» **PROBLEM DESCRIPTION**
Only the lines that include "UNSPECIFIED" should be copied from the data below.
━━━━━ SUPPLIED DATA ━━━━━
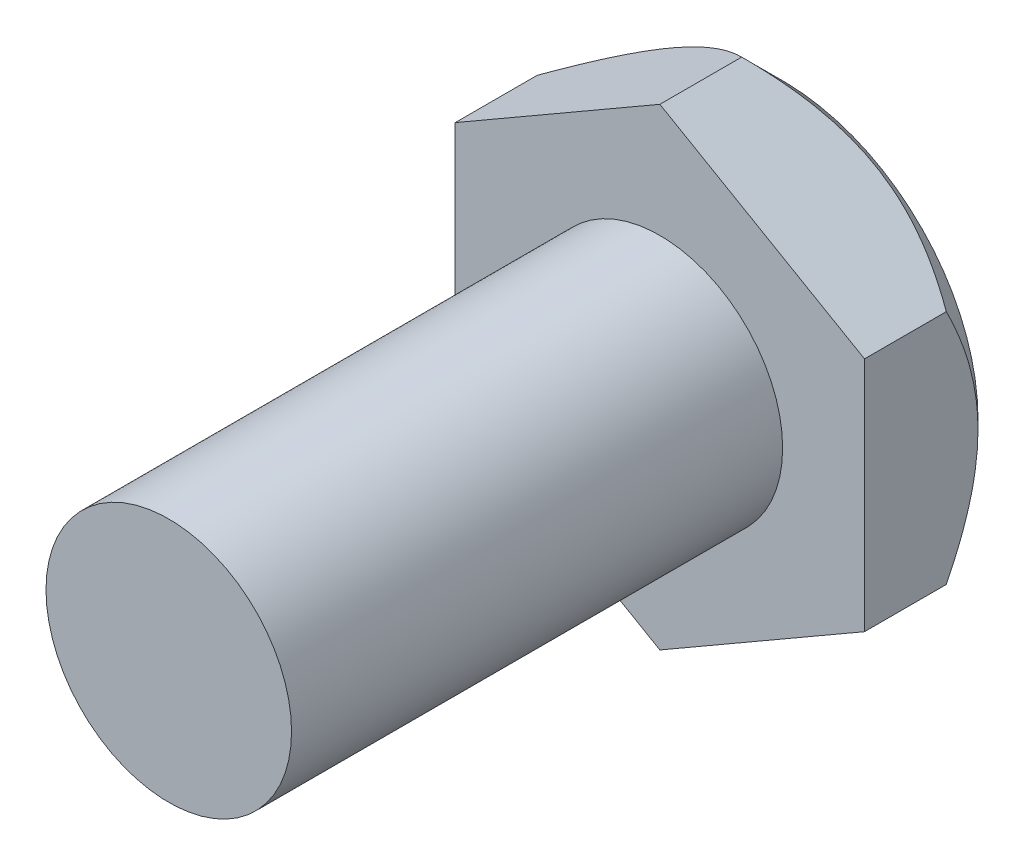
ISO-10303-21;
HEADER;
FILE_DESCRIPTION(('STEP AP214'),'2;1');
FILE_NAME('part.step','',(''),(''),'','','');
FILE_SCHEMA(('AUTOMOTIVE_DESIGN { 1 0 10303 214 1 1 1 1 }'));
ENDSEC;
DATA;
#1=APPLICATION_CONTEXT('core data for automotive mechanical design processes');
#2=APPLICATION_PROTOCOL_DEFINITION('international standard','automotive_design',2000,#1);
#3=PRODUCT_CONTEXT('',#1,'mechanical');
#4=PRODUCT('Part','Part','',(#3));
#5=PRODUCT_RELATED_PRODUCT_CATEGORY('part','',(#4));
#6=PRODUCT_DEFINITION_FORMATION('','',#4);
#7=PRODUCT_DEFINITION_CONTEXT('part definition',#1,'design');
#8=PRODUCT_DEFINITION('design','',#6,#7);
#9=PRODUCT_DEFINITION_SHAPE('','',#8);
#10=(LENGTH_UNIT() NAMED_UNIT(*) SI_UNIT(.MILLI.,.METRE.));
#11=(NAMED_UNIT(*) PLANE_ANGLE_UNIT() SI_UNIT($,.RADIAN.));
#12=(NAMED_UNIT(*) SI_UNIT($,.STERADIAN.) SOLID_ANGLE_UNIT());
#13=UNCERTAINTY_MEASURE_WITH_UNIT(LENGTH_MEASURE(1.E-05),#10,'distance_accuracy_value','');
#14=(GEOMETRIC_REPRESENTATION_CONTEXT(3) GLOBAL_UNCERTAINTY_ASSIGNED_CONTEXT((#13)) GLOBAL_UNIT_ASSIGNED_CONTEXT((#10,
#11,#12)) REPRESENTATION_CONTEXT('',''));
#15=CARTESIAN_POINT('',(0.,0.,0.));
#16=DIRECTION('',(0.,0.,1.));
#17=DIRECTION('',(1.,0.,0.));
#18=AXIS2_PLACEMENT_3D('',#15,#16,#17);
#19=CARTESIAN_POINT('',(-5.,-2.88675134594813,3.));
#20=DIRECTION('',(0.5,0.866025403784439,0.));
#21=DIRECTION('',(-0.866025403784439,0.5,0.));
#22=AXIS2_PLACEMENT_3D('',#19,#20,#21);
#23=PLANE('',#22);
#24=CARTESIAN_POINT('',(0.000199999999999995,-5.77361816195009,1.00011547351787));
#25=CARTESIAN_POINT('',(-0.0857727681733071,-5.72398176110226,0.950483545604258));
#26=CARTESIAN_POINT('',(-0.172406369471809,-5.6739638280717,0.902374725286902));
#27=CARTESIAN_POINT('',(-0.347124889028838,-5.57309004377304,0.809666631329777));
#28=CARTESIAN_POINT('',(-0.435210568643609,-5.5222337529357,0.765069274501485));
#29=CARTESIAN_POINT('',(-0.702658569860328,-5.367822577439,0.636859072128254));
#30=CARTESIAN_POINT('',(-0.884284999421825,-5.26296050943972,0.559375065501519));
#31=CARTESIAN_POINT('',(-1.25054924277182,-5.05149774994707,0.426688944425516));
#32=CARTESIAN_POINT('',(-1.4350934376246,-4.94495110937143,0.371152540645836));
#33=CARTESIAN_POINT('',(-1.71494377217237,-4.78337944338747,0.306910494047517));
#34=CARTESIAN_POINT('',(-1.80863923991279,-4.72928433986569,0.288682163338637));
#35=CARTESIAN_POINT('',(-1.99682352572352,-4.6206360917956,0.258992187126121));
#36=CARTESIAN_POINT('',(-2.09131222308104,-4.56608301694086,0.247529530305084));
#37=CARTESIAN_POINT('',(-2.32156625980077,-4.43314578685873,0.228310861745981));
#38=CARTESIAN_POINT('',(-2.45757968486242,-4.35461839928599,0.224278288259711));
#39=CARTESIAN_POINT('',(-2.72936141189438,-4.19770514602326,0.231045854105308));
#40=CARTESIAN_POINT('',(-2.86512961123581,-4.1193193395861,0.241851192970995));
#41=CARTESIAN_POINT('',(-3.13538603207474,-3.96328672226451,0.277657649898035));
#42=CARTESIAN_POINT('',(-3.26987265077583,-3.88564083675504,0.302674643958259));
#43=CARTESIAN_POINT('',(-3.53653439939645,-3.73168360440635,0.36554432498943));
#44=CARTESIAN_POINT('',(-3.66870970573535,-3.65537215571136,0.403396027767556));
#45=CARTESIAN_POINT('',(-3.9033482065223,-3.51990355411977,0.481269886760533));
#46=CARTESIAN_POINT('',(-4.00633089069878,-3.4604464736886,0.519244250419013));
#47=CARTESIAN_POINT('',(-4.21044753419216,-3.34259967462162,0.601312626173942));
#48=CARTESIAN_POINT('',(-4.31158143726391,-3.28420998845895,0.645406824103549));
#49=CARTESIAN_POINT('',(-4.51168198823797,-3.16868188148908,0.738726385352358));
#50=CARTESIAN_POINT('',(-4.61065432718708,-3.11154017495448,0.787935612709389));
#51=CARTESIAN_POINT('',(-4.80676624461304,-2.99831490663731,0.890839122843004));
#52=CARTESIAN_POINT('',(-4.90390690306938,-2.94223072132829,0.944530654549019));
#53=CARTESIAN_POINT('',(-5.0002,-2.88663587589429,1.00011547351787));
#54=B_SPLINE_CURVE_WITH_KNOTS('',3,(#24,#25,#26,#27,#28,#29,#30,#31,#32,#33,#34,#35,#36,#37,#38,
#39,#40,#41,#42,#43,#44,#45,#46,#47,#48,#49,#50,#51,#52,#53),.UNSPECIFIED.,.F.,.F.,(4,2,2,2,2,2,
2,2,2,2,2,2,2,2,4),(0.,0.332945616209567,0.666071736106988,1.33592065243334,1.99513262597481,
2.32409207808823,2.6530023456369,3.12358963991982,3.59434188052352,4.06562104077025,
4.53686407049608,4.91117956742315,5.28550643319669,5.65868635377114,6.03163889109472),.UNSPECIFIED.);
#55=CARTESIAN_POINT('',(0.,-5.77350269189626,1.));
#56=VERTEX_POINT('',#55);
#57=CARTESIAN_POINT('',(-5.,-2.88675134594813,1.));
#58=VERTEX_POINT('',#57);
#59=EDGE_CURVE('E68',#56,#58,#54,.T.);
#60=ORIENTED_EDGE('',*,*,#59,.F.);
#61=DIRECTION('',(0.,0.,-1.));
#62=VECTOR('',#61,1.);
#63=CARTESIAN_POINT('',(0.,-5.77350269189626,3.));
#64=LINE('',#63,#62);
#65=CARTESIAN_POINT('',(0.,-5.77350269189626,3.));
#66=VERTEX_POINT('',#65);
#67=EDGE_CURVE('E54',#66,#56,#64,.T.);
#68=ORIENTED_EDGE('',*,*,#67,.F.);
#69=DIRECTION('',(0.866025403784439,-0.5,0.));
#70=VECTOR('',#69,1.);
#71=CARTESIAN_POINT('',(-5.,-2.88675134594813,3.));
#72=LINE('',#71,#70);
#73=CARTESIAN_POINT('',(-5.,-2.88675134594813,3.));
#74=VERTEX_POINT('',#73);
#75=EDGE_CURVE('E159',#74,#66,#72,.T.);
#76=ORIENTED_EDGE('',*,*,#75,.F.);
#77=DIRECTION('',(0.,0.,-1.));
#78=VECTOR('',#77,1.);
#79=CARTESIAN_POINT('',(-5.,-2.88675134594813,3.));
#80=LINE('',#79,#78);
#81=EDGE_CURVE('E141',#74,#58,#80,.T.);
#82=ORIENTED_EDGE('',*,*,#81,.T.);
#83=EDGE_LOOP('',(#60,#68,#76,#82));
#84=FACE_BOUND('',#83,.T.);
#85=ADVANCED_FACE('F51',(#84),#23,.F.);
#86=CARTESIAN_POINT('',(0.,-5.77350269189626,3.));
#87=DIRECTION('',(-0.5,0.866025403784438,0.));
#88=DIRECTION('',(-0.866025403784438,-0.5,0.));
#89=AXIS2_PLACEMENT_3D('',#86,#87,#88);
#90=PLANE('',#89);
#91=CARTESIAN_POINT('',(5.0002,-2.88663587589429,1.00011547351787));
#92=CARTESIAN_POINT('',(4.91422723182669,-2.93627227674212,0.950483545604257));
#93=CARTESIAN_POINT('',(4.82759363052819,-2.98629020977268,0.902374725286901));
#94=CARTESIAN_POINT('',(4.65287511097116,-3.08716399407134,0.809666631329776));
#95=CARTESIAN_POINT('',(4.56478943135639,-3.13802028490868,0.765069274501483));
#96=CARTESIAN_POINT('',(4.29734143013967,-3.29243146040538,0.636859072128253));
#97=CARTESIAN_POINT('',(4.11571500057817,-3.39729352840466,0.559375065501518));
#98=CARTESIAN_POINT('',(3.74945075722818,-3.60875628789732,0.426688944425514));
#99=CARTESIAN_POINT('',(3.5649065623754,-3.71530292847296,0.371152540645833));
#100=CARTESIAN_POINT('',(3.28505622782763,-3.87687459445692,0.306910494047514));
#101=CARTESIAN_POINT('',(3.19136076008721,-3.9309696979787,0.288682163338634));
#102=CARTESIAN_POINT('',(3.00317647427648,-4.03961794604878,0.258992187126118));
#103=CARTESIAN_POINT('',(2.90868777691895,-4.09417102090352,0.247529530305082));
#104=CARTESIAN_POINT('',(2.67843374019923,-4.22710825098565,0.228310861745979));
#105=CARTESIAN_POINT('',(2.54242031513758,-4.3056356385584,0.224278288259709));
#106=CARTESIAN_POINT('',(2.27063858810562,-4.46254889182113,0.231045854105305));
#107=CARTESIAN_POINT('',(2.13487038876419,-4.54093469825829,0.241851192970993));
#108=CARTESIAN_POINT('',(1.86461396792526,-4.69696731557987,0.277657649898033));
#109=CARTESIAN_POINT('',(1.73012734922417,-4.77461320108935,0.302674643958258));
#110=CARTESIAN_POINT('',(1.46346560060355,-4.92857043343804,0.365544324989429));
#111=CARTESIAN_POINT('',(1.33129029426465,-5.00488188213303,0.403396027767555));
#112=CARTESIAN_POINT('',(1.0966517934777,-5.14035048372462,0.481269886760531));
#113=CARTESIAN_POINT('',(0.993669109301218,-5.19980756415578,0.519244250419011));
#114=CARTESIAN_POINT('',(0.78955246580784,-5.31765436322277,0.601312626173941));
#115=CARTESIAN_POINT('',(0.688418562736091,-5.37604404938544,0.645406824103548));
#116=CARTESIAN_POINT('',(0.488318011762032,-5.4915721563553,0.738726385352357));
#117=CARTESIAN_POINT('',(0.389345672812915,-5.5487138628899,0.787935612709388));
#118=CARTESIAN_POINT('',(0.19323375538696,-5.66193913120707,0.890839122843003));
#119=CARTESIAN_POINT('',(0.0960930969306197,-5.7180233165161,0.944530654549018));
#120=CARTESIAN_POINT('',(-0.00020000000000003,-5.7736181619501,1.00011547351787));
#121=B_SPLINE_CURVE_WITH_KNOTS('',3,(#91,#92,#93,#94,#95,#96,#97,#98,#99,#100,#101,#102,#103,
#104,#105,#106,#107,#108,#109,#110,#111,#112,#113,#114,#115,#116,#117,#118,#119,#120),
.UNSPECIFIED.,.F.,.F.,(4,2,2,2,2,2,2,2,2,2,2,2,2,2,4),(0.,0.332945616209567,0.666071736106989,
1.33592065243334,1.99513262597481,2.32409207808823,2.6530023456369,3.12358963991982,
3.59434188052352,4.06562104077025,4.53686407049609,4.91117956742315,5.28550643319669,
5.65868635377115,6.03163889109473),.UNSPECIFIED.);
#122=CARTESIAN_POINT('',(5.,-2.88675134594813,1.));
#123=VERTEX_POINT('',#122);
#124=EDGE_CURVE('E126',#123,#56,#121,.T.);
#125=ORIENTED_EDGE('',*,*,#124,.F.);
#126=DIRECTION('',(0.,0.,-1.));
#127=VECTOR('',#126,1.);
#128=CARTESIAN_POINT('',(5.,-2.88675134594813,3.));
#129=LINE('',#128,#127);
#130=CARTESIAN_POINT('',(5.,-2.88675134594813,3.));
#131=VERTEX_POINT('',#130);
#132=EDGE_CURVE('E127',#131,#123,#129,.T.);
#133=ORIENTED_EDGE('',*,*,#132,.F.);
#134=DIRECTION('',(0.866025403784438,0.5,0.));
#135=VECTOR('',#134,1.);
#136=CARTESIAN_POINT('',(0.,-5.77350269189626,3.));
#137=LINE('',#136,#135);
#138=EDGE_CURVE('E160',#66,#131,#137,.T.);
#139=ORIENTED_EDGE('',*,*,#138,.F.);
#140=ORIENTED_EDGE('',*,*,#67,.T.);
#141=EDGE_LOOP('',(#125,#133,#139,#140));
#142=FACE_BOUND('',#141,.T.);
#143=ADVANCED_FACE('F216',(#142),#90,.F.);
#144=CARTESIAN_POINT('',(5.,-2.88675134594813,3.));
#145=DIRECTION('',(-1.,0.,0.));
#146=DIRECTION('',(0.,-1.,0.));
#147=AXIS2_PLACEMENT_3D('',#144,#145,#146);
#148=PLANE('',#147);
#149=CARTESIAN_POINT('',(5.,8.74641662303045,5.30120840786354));
#150=CARTESIAN_POINT('',(5.,8.61716722747173,5.18900265269324));
#151=CARTESIAN_POINT('',(5.,8.4876177762151,5.07714279282813));
#152=CARTESIAN_POINT('',(5.,8.22783886568773,4.85421137306163));
#153=CARTESIAN_POINT('',(5.,8.09760939532867,4.74313982608448));
#154=CARTESIAN_POINT('',(5.,7.70566734866917,4.41115617610398));
#155=CARTESIAN_POINT('',(5.,7.44281985997348,4.19157843738422));
#156=CARTESIAN_POINT('',(5.,6.90728256215141,3.75214021004564));
#157=CARTESIAN_POINT('',(5.,6.63450482165786,3.53238666470403));
#158=CARTESIAN_POINT('',(5.,6.0838296799802,3.09948407125663));
#159=CARTESIAN_POINT('',(5.,5.80593357662146,2.8863333846965));
#160=CARTESIAN_POINT('',(5.,5.38378753376033,2.57335417688988));
#161=CARTESIAN_POINT('',(5.,5.24208933175034,2.47008359846257));
#162=CARTESIAN_POINT('',(5.,4.95671624927881,2.26631520865756));
#163=CARTESIAN_POINT('',(5.,4.81304144911579,2.1658172851374));
#164=CARTESIAN_POINT('',(5.,4.52327399537162,1.96806860455872));
#165=CARTESIAN_POINT('',(5.,4.37717923691745,1.87082092322896));
#166=CARTESIAN_POINT('',(5.,4.08235982087795,1.68041025635652));
#167=CARTESIAN_POINT('',(5.,3.93363539364334,1.58724691550166));
#168=CARTESIAN_POINT('',(5.,3.63427030631389,1.40660875248025));
#169=CARTESIAN_POINT('',(5.,3.48365224734247,1.31909664823556));
#170=CARTESIAN_POINT('',(5.,3.17899028727337,1.15017049908506));
#171=CARTESIAN_POINT('',(5.,3.02494597608893,1.06875718929086));
#172=CARTESIAN_POINT('',(5.,2.71327651039533,0.913643190475442));
#173=CARTESIAN_POINT('',(5.,2.5556569897211,0.839931271085124));
#174=CARTESIAN_POINT('',(5.,2.23636855072573,0.701954577855023));
#175=CARTESIAN_POINT('',(5.,2.07470123003844,0.637686143454943));
#176=CARTESIAN_POINT('',(5.,1.74341514966677,0.519419891787053));
#177=CARTESIAN_POINT('',(5.,1.57369908899831,0.465690806004504));
#178=CARTESIAN_POINT('',(5.,1.23024809831044,0.372972773426494));
#179=CARTESIAN_POINT('',(5.,1.05651381384527,0.333981476125331));
#180=CARTESIAN_POINT('',(5.,0.707111716198539,0.273340953601916));
#181=CARTESIAN_POINT('',(5.,0.53146295994004,0.251584101926988));
#182=CARTESIAN_POINT('',(5.,0.17884205730549,0.226605435627371));
#183=CARTESIAN_POINT('',(5.,0.00187005969027966,0.223381567957098));
#184=CARTESIAN_POINT('',(5.,-0.351677312644601,0.235729427957355));
#185=CARTESIAN_POINT('',(5.,-0.528251644969084,0.251330345354395));
#186=CARTESIAN_POINT('',(5.,-0.878922878802893,0.300185950940643));
#187=CARTESIAN_POINT('',(5.,-1.05301927886701,0.333444161614084));
#188=CARTESIAN_POINT('',(5.,-1.3987045104717,0.415712242024392));
#189=CARTESIAN_POINT('',(5.,-1.57026635442497,0.46483351901479));
#190=CARTESIAN_POINT('',(5.,-1.90902834045999,0.576149176266458));
#191=CARTESIAN_POINT('',(5.,-2.07622841650056,0.638343754340509));
#192=CARTESIAN_POINT('',(5.,-2.44237261212088,0.788103153381491));
#193=CARTESIAN_POINT('',(5.,-2.64025507818795,0.878241389720284));
#194=CARTESIAN_POINT('',(5.,-3.03013540194507,1.07054933532841));
#195=CARTESIAN_POINT('',(5.,-3.22212979396385,1.17272596527714));
#196=CARTESIAN_POINT('',(5.,-3.60131488951685,1.38644051823743));
#197=CARTESIAN_POINT('',(5.,-3.78849486749627,1.49799731621704));
#198=CARTESIAN_POINT('',(5.,-4.15840113964403,1.72813928385275));
#199=CARTESIAN_POINT('',(5.,-4.34112830476976,1.84672306322425));
#200=CARTESIAN_POINT('',(5.,-4.70385374189547,2.09002844075615));
#201=CARTESIAN_POINT('',(5.,-4.88383213902442,2.21477952902229));
#202=CARTESIAN_POINT('',(5.,-5.24067161838535,2.46866048898804));
#203=CARTESIAN_POINT('',(5.,-5.41753258815998,2.59779051816323));
#204=CARTESIAN_POINT('',(5.,-5.76843263526247,2.8593974426427));
#205=CARTESIAN_POINT('',(5.,-5.94247477144851,2.99187024633398));
#206=CARTESIAN_POINT('',(5.,-6.28836717451622,3.25965261483977));
#207=CARTESIAN_POINT('',(5.,-6.46021736942767,3.39496227241591));
#208=CARTESIAN_POINT('',(5.,-6.81175541238474,3.67565032556434));
#209=CARTESIAN_POINT('',(5.,-6.99133474536086,3.82116441788712));
#210=CARTESIAN_POINT('',(5.,-7.34874142921753,4.11432958177959));
#211=CARTESIAN_POINT('',(5.,-7.52656875943068,4.26198067850774));
#212=CARTESIAN_POINT('',(5.,-7.87878816127479,4.55742406898611));
#213=CARTESIAN_POINT('',(5.,-8.0531965095584,4.70519698599771));
#214=CARTESIAN_POINT('',(5.,-8.40071799614817,5.00218161213356));
#215=CARTESIAN_POINT('',(5.,-8.57383141139473,5.15139299703375));
#216=CARTESIAN_POINT('',(5.,-8.74641662303044,5.30120840786354));
#217=B_SPLINE_CURVE_WITH_KNOTS('',3,(#149,#150,#151,#152,#153,#154,#155,#156,#157,#158,#159,
#160,#161,#162,#163,#164,#165,#166,#167,#168,#169,#170,#171,#172,#173,#174,#175,#176,#177,#178,
#179,#180,#181,#182,#183,#184,#185,#186,#187,#188,#189,#190,#191,#192,#193,#194,#195,#196,#197,
#198,#199,#200,#201,#202,#203,#204,#205,#206,#207,#208,#209,#210,#211,#212,#213,#214,#215,#216),
.UNSPECIFIED.,.F.,.F.,(4,2,2,2,2,2,2,2,2,2,2,2,2,2,2,2,2,2,2,2,2,2,2,2,2,2,2,2,2,2,2,2,2,4),(0.,
0.513476804360356,1.02696200771218,2.05440464274526,3.10519307167231,4.15571863124172,
4.68170485901195,5.20766978152949,5.73411909352894,6.26052251646932,6.78299524430335,
7.30553084683201,7.82729351501778,8.34885339673756,8.88235034246742,9.4157621657062,
9.94581605965252,10.4758112341947,11.0066292768164,11.537553253067,12.0722901283652,
12.6070350953767,13.2588184936859,13.9109784370993,14.5644836027155,15.2178599015941,
15.874738064042,16.5316398742655,17.1877732869576,17.8439281879695,18.5373113067269,
19.2307025951712,19.9164752192631,20.6020967282288),.UNSPECIFIED.);
#218=CARTESIAN_POINT('',(5.,2.88675134594813,1.));
#219=VERTEX_POINT('',#218);
#220=EDGE_CURVE('E107',#219,#123,#217,.T.);
#221=ORIENTED_EDGE('',*,*,#220,.F.);
#222=DIRECTION('',(0.,0.,-1.));
#223=VECTOR('',#222,1.);
#224=CARTESIAN_POINT('',(5.,2.88675134594813,3.));
#225=LINE('',#224,#223);
#226=CARTESIAN_POINT('',(5.,2.88675134594813,3.));
#227=VERTEX_POINT('',#226);
#228=EDGE_CURVE('E123',#227,#219,#225,.T.);
#229=ORIENTED_EDGE('',*,*,#228,.F.);
#230=DIRECTION('',(0.,1.,0.));
#231=VECTOR('',#230,1.);
#232=CARTESIAN_POINT('',(5.,-2.88675134594813,3.));
#233=LINE('',#232,#231);
#234=EDGE_CURVE('E152',#131,#227,#233,.T.);
#235=ORIENTED_EDGE('',*,*,#234,.F.);
#236=ORIENTED_EDGE('',*,*,#132,.T.);
#237=EDGE_LOOP('',(#221,#229,#235,#236));
#238=FACE_BOUND('',#237,.T.);
#239=ADVANCED_FACE('F122',(#238),#148,.F.);
#240=CARTESIAN_POINT('',(5.,2.88675134594813,3.));
#241=DIRECTION('',(-0.5,-0.866025403784439,0.));
#242=DIRECTION('',(0.866025403784439,-0.5,0.));
#243=AXIS2_PLACEMENT_3D('',#240,#241,#242);
#244=PLANE('',#243);
#245=CARTESIAN_POINT('',(-0.000200000000002289,5.7736181619501,1.00011547351787));
#246=CARTESIAN_POINT('',(0.0857727681733046,5.72398176110226,0.950483545604261));
#247=CARTESIAN_POINT('',(0.172406369471806,5.67396382807171,0.902374725286905));
#248=CARTESIAN_POINT('',(0.347124889028836,5.57309004377304,0.80966663132978));
#249=CARTESIAN_POINT('',(0.435210568643606,5.5222337529357,0.765069274501488));
#250=CARTESIAN_POINT('',(0.702658569860326,5.367822577439,0.636859072128257));
#251=CARTESIAN_POINT('',(0.884284999421824,5.26296050943972,0.559375065501521));
#252=CARTESIAN_POINT('',(1.25054924277182,5.05149774994707,0.426688944425517));
#253=CARTESIAN_POINT('',(1.4350934376246,4.94495110937143,0.371152540645838));
#254=CARTESIAN_POINT('',(1.71494377217237,4.78337944338747,0.306910494047518));
#255=CARTESIAN_POINT('',(1.80863923991279,4.72928433986569,0.288682163338638));
#256=CARTESIAN_POINT('',(1.99682352572353,4.6206360917956,0.258992187126122));
#257=CARTESIAN_POINT('',(2.09131222308105,4.56608301694086,0.247529530305086));
#258=CARTESIAN_POINT('',(2.32156625980077,4.43314578685873,0.228310861745983));
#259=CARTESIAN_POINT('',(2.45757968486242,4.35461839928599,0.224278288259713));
━━━━━
» **RESPONSE FOR THIS EXERCISE**
#39,#40,#41,#42,#43,#44,#45,#46,#47,#48,#49,#50,#51,#52,#53),.UNSPECIFIED.,.F.,.F.,(4,2,2,2,2,2,
4.53686407049608,4.91117956742315,5.28550643319669,5.65868635377114,6.03163889109472),.UNSPECIFIED.);
.UNSPECIFIED.,.F.,.F.,(4,2,2,2,2,2,2,2,2,2,2,2,2,2,4),(0.,0.332945616209567,0.666071736106989,
5.65868635377115,6.03163889109473),.UNSPECIFIED.);
.UNSPECIFIED.,.F.,.F.,(4,2,2,2,2,2,2,2,2,2,2,2,2,2,2,2,2,2,2,2,2,2,2,2,2,2,2,2,2,2,2,2,2,4),(0.,
19.2307025951712,19.9164752192631,20.6020967282288),.UNSPECIFIED.);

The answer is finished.